Hey all, i am in the market for several new light bars for for the trucks, i want something unique, just curious if you guys have pic you would share of your light bar set ups. thanks


----------



## larryhd (Sep 2, 2007)

*lightbar*

http://s104.photobucket.com/albums/m182/ermledguy/Comparison/?action=view&current=rontandrive.flv


----------



## ColliganLands (Sep 4, 2008)

i just got a 55 inch whelen led liberty Amber Bar with 14 leds/takedowns/and alleys with a PCCS9N control box for it. i am going to mount it to my back rack once the rain stops.... pics and videos to come


----------



## coral (May 4, 2008)

love the light bars, what about mounting racks>? everyone uses back racks, anyone know where to get custom ones?


----------



## KubotaJr (Dec 8, 2005)

heres my bar from last season, worked out great but ended up selling it to pay bills.


----------



## LawnProLandscapes (Nov 15, 2007)

my new setup, very simple and affordable and do the job just fine... i built the mounts for this myself didnt feel like dishing a 100 bucks out to back rack for 10 dollars worth of material. i used to have a mini edge on a backrack and i made that mount as well in under an hour. the strobe beacons are STAR 255 tc's with quad or dual flash, very good lights with a friendly price tag.


----------



## kitn1mcc (Sep 15, 2008)

my truck 

















my freinds


----------



## Lynden-Jeff (May 21, 2006)

larryhd;592166 said:


> http://s104.photobucket.com/albums/m182/ermledguy/Comparison/?action=view&current=rontandrive.flv


What is the purpose of that truck? I like the lights but thing the one in the windsheild is over kill.

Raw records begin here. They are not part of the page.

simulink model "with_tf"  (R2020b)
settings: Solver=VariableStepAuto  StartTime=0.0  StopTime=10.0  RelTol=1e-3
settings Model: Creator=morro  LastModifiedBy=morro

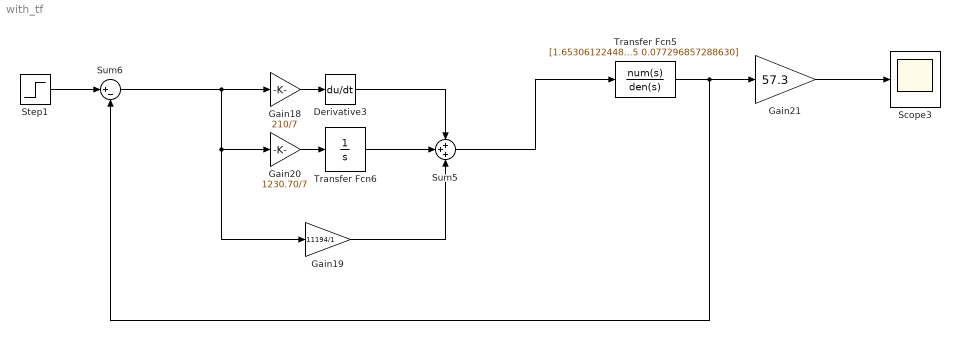
== system with_tf ==
  Derivative3 : Derivative
  Gain18 : Gain  Gain=210/7
  Gain19 : Gain  Gain=11194/1
  Gain20 : Gain  Gain=1230.70/7
  Gain21 : Gain  Gain=57.3
  Scope3 : Scope
  Step1 : Step  After=25/57.3  SampleTime=0
  Sum5 : Sum  Inputs=+++
  Sum6 : Sum  Inputs=|+-
  Transfer Fcn5 : TransferFcn  Numerator=[1.653061224489796e-06 0.009979591836735]  Denominator="[1.458000000000000e-12 1.760495641399417e-08  6.594754781341107e-05 0.077296857288630]"
  Transfer Fcn6 : TransferFcn  Denominator=[1 0]
  wires:
  Gain21/1 -> Scope3/1
  Transfer Fcn5/1 -> Sum6/2, Gain21/1
  Step1/1 -> Sum6/1
  Sum6/1 -> Gain20/1, Gain19/1, Gain18/1
  Gain19/1 -> Sum5/3
  Sum5/1 -> Transfer Fcn5/1
  Derivative3/1 -> Sum5/1
  Transfer Fcn6/1 -> Sum5/2
  Gain20/1 -> Transfer Fcn6/1
  Gain18/1 -> Derivative3/1
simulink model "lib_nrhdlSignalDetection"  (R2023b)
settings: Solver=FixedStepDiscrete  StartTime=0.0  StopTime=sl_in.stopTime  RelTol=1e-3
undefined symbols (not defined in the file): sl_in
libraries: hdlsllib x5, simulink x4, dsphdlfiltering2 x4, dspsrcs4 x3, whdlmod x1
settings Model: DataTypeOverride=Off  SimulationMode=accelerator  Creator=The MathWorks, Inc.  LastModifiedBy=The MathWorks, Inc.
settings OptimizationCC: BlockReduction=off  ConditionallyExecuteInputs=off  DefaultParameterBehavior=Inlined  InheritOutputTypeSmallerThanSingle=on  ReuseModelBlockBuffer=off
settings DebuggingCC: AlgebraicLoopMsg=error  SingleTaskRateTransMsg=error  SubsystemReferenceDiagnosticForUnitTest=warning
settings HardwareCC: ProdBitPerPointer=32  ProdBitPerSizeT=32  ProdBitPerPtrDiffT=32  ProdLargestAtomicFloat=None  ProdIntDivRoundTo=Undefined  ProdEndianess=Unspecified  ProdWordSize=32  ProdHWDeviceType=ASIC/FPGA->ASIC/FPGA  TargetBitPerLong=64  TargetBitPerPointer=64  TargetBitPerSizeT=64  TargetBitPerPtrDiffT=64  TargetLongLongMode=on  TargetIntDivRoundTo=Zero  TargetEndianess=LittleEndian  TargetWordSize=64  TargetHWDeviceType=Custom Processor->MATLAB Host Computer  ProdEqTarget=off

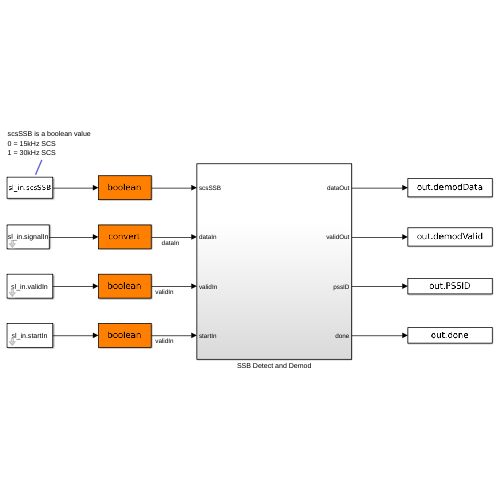
[thumbnail: Simulink's stored preview of the top-level diagram]
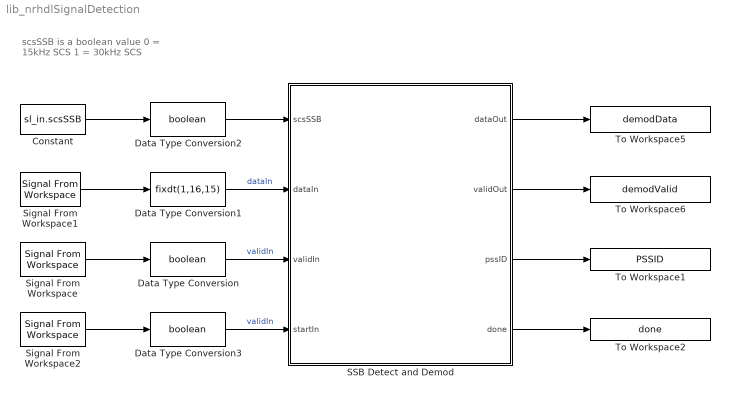
== system lib_nrhdlSignalDetection ==
  note: scsSSB is a boolean value
      | 0 = 15kHz SCS
      | 1 = 30kHz SCS
  Constant : Constant  Value=sl_in.scsSSB  SampleTime=sl_in.sampleTime
  Data Type Conversion : DataTypeConversion  OutDataTypeStr=boolean  SaturateOnIntegerOverflow=off  RndMeth=Floor
  Data Type Conversion1 : DataTypeConversion  OutDataTypeStr=fixdt(1,16,15)  RndMeth=Round  SaturateOnIntegerOverflow=off
  Data Type Conversion2 : DataTypeConversion  OutDataTypeStr=boolean  SaturateOnIntegerOverflow=off  RndMeth=Floor
  Data Type Conversion3 : DataTypeConversion  OutDataTypeStr=boolean  SaturateOnIntegerOverflow=off  RndMeth=Floor
  SSB Detect and Demod : Subsystem
  Signal From Workspace : dspsrcs4/Signal From Workspace  X=sl_in.validIn  Ts=sl_in.sampleTime  nsamps=1  OutputAfterFinalValue=Setting to zero  ignoreOrWarnInputAndFrameLengths=off  OutputFrames=off
  Signal From Workspace1 : dspsrcs4/Signal From Workspace  X=sl_in.signalIn  Ts=sl_in.sampleTime  nsamps=1  OutputAfterFinalValue=Setting to zero  ignoreOrWarnInputAndFrameLengths=off  OutputFrames=off
  Signal From Workspace2 : dspsrcs4/Signal From Workspace  X=sl_in.startIn  Ts=sl_in.sampleTime  nsamps=1  OutputAfterFinalValue=Setting to zero  ignoreOrWarnInputAndFrameLengths=off  OutputFrames=off
  To Workspace1 : ToWorkspace  VariableName=PSSID  SampleTime=-1
      settings: Save2DSignal=2-D array (concatenate along first dimension)
  To Workspace2 : ToWorkspace  VariableName=done  SampleTime=-1
      settings: Save2DSignal=2-D array (concatenate along first dimension)
  To Workspace5 : ToWorkspace  VariableName=demodData  SampleTime=-1
      settings: Save2DSignal=2-D array (concatenate along first dimension)
  To Workspace6 : ToWorkspace  VariableName=demodValid  SampleTime=-1
      settings: Save2DSignal=2-D array (concatenate along first dimension)
  wires:
  Signal From Workspace1/1 -> Data Type Conversion1/1
  Signal From Workspace/1 -> Data Type Conversion/1
  Data Type Conversion/1 -> SSB Detect and Demod/3(validIn)  "validIn"
  SSB Detect and Demod/1(dataOut) -> To Workspace5/1
  SSB Detect and Demod/2(validOut) -> To Workspace6/1
  Data Type Conversion1/1 -> SSB Detect and Demod/2(dataIn)  "dataIn"
  Constant/1 -> Data Type Conversion2/1
  SSB Detect and Demod/3(pssID) -> To Workspace1/1
  Data Type Conversion2/1 -> SSB Detect and Demod/1(scsSSB)
  Signal From Workspace2/1 -> Data Type Conversion3/1
  Data Type Conversion3/1 -> SSB Detect and Demod/4(startIn)  "validIn"
  SSB Detect and Demod/4(done) -> To Workspace2/1

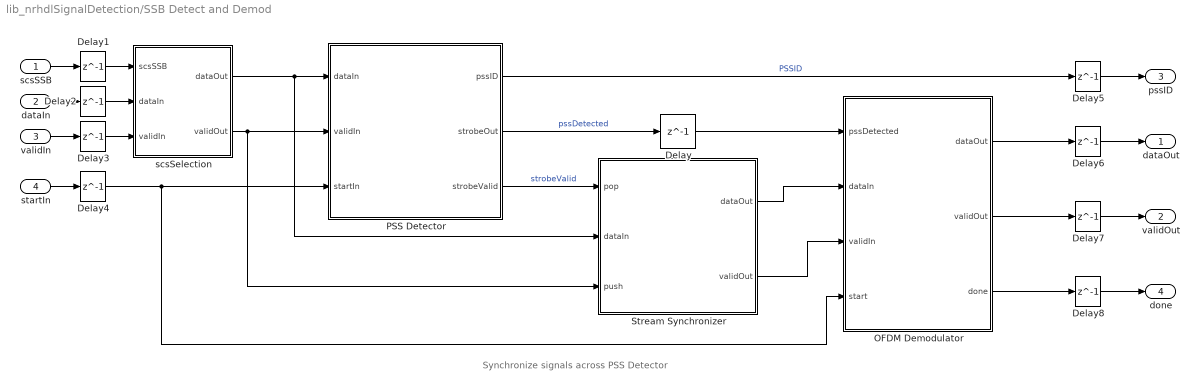
== system lib_nrhdlSignalDetection/SSB Detect and Demod ==
  note: Synchronize signals across PSS Detector
  scsSSB : Inport
  dataIn : Inport  Port=2
  validIn : Inport  Port=3
  startIn : Inport  Port=4
  Delay{,1..8} (9 alike) : Delay  DelayLength=1
  OFDM Demodulator : Subsystem
  PSS Detector : Subsystem
  Stream Synchronizer : Subsystem  mask{depth=512}
  scsSelection : Subsystem
  dataOut : Outport
  validOut : Outport  Port=2
  pssID : Outport  Port=3
  done : Outport  Port=4
  wires:
  OFDM Demodulator/1(dataOut) -> Delay6/1
  OFDM Demodulator/2(validOut) -> Delay7/1
  Stream Synchronizer/1(dataOut) -> OFDM Demodulator/2(dataIn)
  Stream Synchronizer/2(validOut) -> OFDM Demodulator/3(validIn)
  scsSelection/2(validOut) -> Stream Synchronizer/3(push), PSS Detector/2(validIn)
  PSS Detector/3(strobeValid) -> Stream Synchronizer/1(pop)  "strobeValid"
  scsSelection/1(dataOut) -> Stream Synchronizer/2(dataIn), PSS Detector/1(dataIn)
  PSS Detector/1(pssID) -> Delay5/1  "PSSID"
  scsSSB/1 -> Delay1/1
  validIn/1 -> Delay3/1
  dataIn/1 -> Delay2/1
  PSS Detector/2(strobeOut) -> Delay/1  "pssDetected"
  Delay/1 -> OFDM Demodulator/1(pssDetected)
  OFDM Demodulator/3(done) -> Delay8/1
  startIn/1 -> Delay4/1
  Delay1/1 -> scsSelection/1(scsSSB)
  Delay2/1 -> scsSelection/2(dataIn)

We ran whelen guardian and Tir's last year upgrading to a NASIG micro mini bar, a whelen Dominator and new whelen vertex in the back will post pics when I got it all setup.


----------



## coral (May 4, 2008)

i would love to run red lights but it is not legal in michigan for plowing, only ff and police, i think red trucksa and red lights would be great


----------



## newlooklandscp (Sep 27, 2005)

whelen mini liberty led. I have 3 of them.


----------



## tom_mccauley (Dec 10, 2007)

Tried taking pics of my lights but..... the duct tape broke and my wife and kids dropped their flashlights and ran in ten different directions. Go figure!!!!!!








(Last seen heading south on I 69 running. if found please return to local animal shelter)


----------



## scitown (Dec 9, 2007)

Hey guys with backrack and full size light bars...Will the normal full size lightbar bracket fit the MX 7000? Or do I have to get the seperate beacon mounts and make it work? I was going to open another thread but I think you guys would know best. Thanks


----------



## scitown (Dec 9, 2007)

LawnProLandCare;592325 said:


> my new setup, very simple and affordable and do the job just fine... i built the mounts for this myself didnt feel like dishing a 100 bucks out to back rack for 10 dollars worth of material. i used to have a mini edge on a backrack and i made that mount as well in under an hour. the strobe beacons are STAR 255 tc's with quad or dual flash, very good lights with a friendly price tag.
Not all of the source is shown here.